Prompt:
Could you transcribe every record below exactly, leaving out any pictures?

______________________________

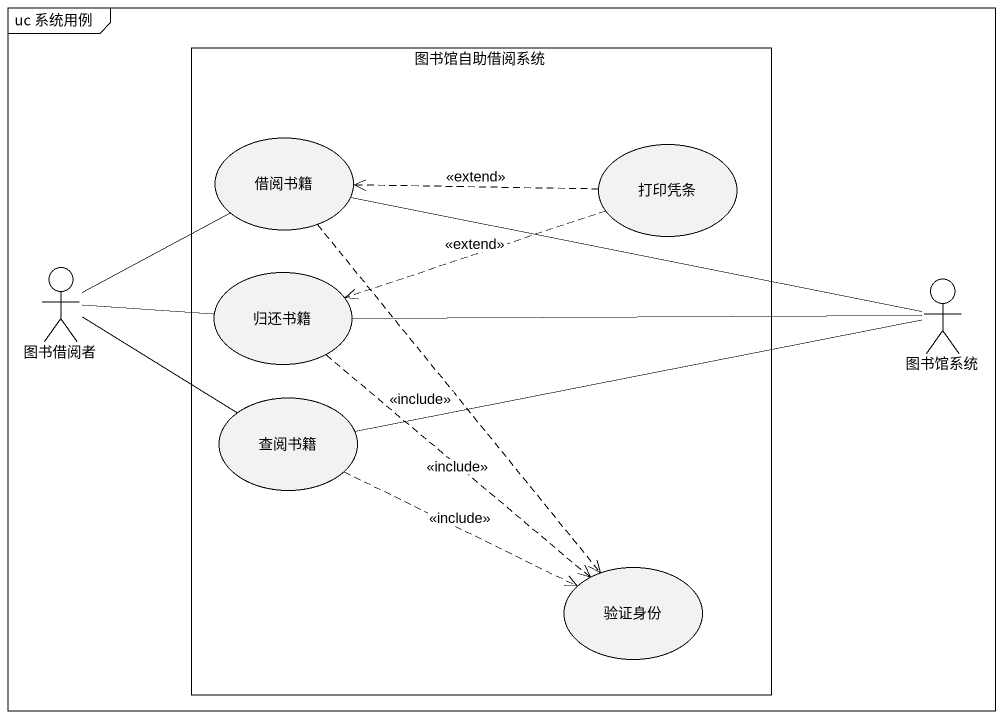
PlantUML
@startuml
mainframe uc 系统用例
rectangle 图书馆自助借阅系统 {
  usecase 借阅书籍
  usecase 打印凭条
  usecase 归还书籍
  usecase 查阅书籍
  usecase 验证身份
}
actor 图书借阅者
actor 图书馆系统
借阅书籍 -right- 图书馆系统
借阅书籍 ..> 验证身份 : <<include>>
打印凭条 .left.> 借阅书籍 : <<extend>>
打印凭条 .left.> 归还书籍 : <<extend>>
图书借阅者 -up- 借阅书籍
图书借阅者 -right- 归还书籍
图书借阅者 -right- 查阅书籍
归还书籍 -right- 图书馆系统
归还书籍 ..> 验证身份 : <<include>>
查阅书籍 -right- 图书馆系统
查阅书籍 .right.> 验证身份 : <<include>>
@enduml

______________________________

Answer for the task:
PlantUML
@startuml
mainframe uc 系统用例
rectangle 图书馆自助借阅系统 {
  usecase 借阅书籍
  usecase 打印凭条
  usecase 归还书籍
  usecase 查阅书籍
  usecase 验证身份
}
actor 图书借阅者
actor 图书馆系统
借阅书籍 -right- 图书馆系统
借阅书籍 ..> 验证身份 : <<include>>
打印凭条 .left.> 借阅书籍 : <<extend>>
打印凭条 .left.> 归还书籍 : <<extend>>
图书借阅者 -up- 借阅书籍
图书借阅者 -right- 归还书籍
图书借阅者 -right- 查阅书籍
归还书籍 -right- 图书馆系统
归还书籍 ..> 验证身份 : <<include>>
查阅书籍 -right- 图书馆系统
查阅书籍 .right.> 验证身份 : <<include>>
@enduml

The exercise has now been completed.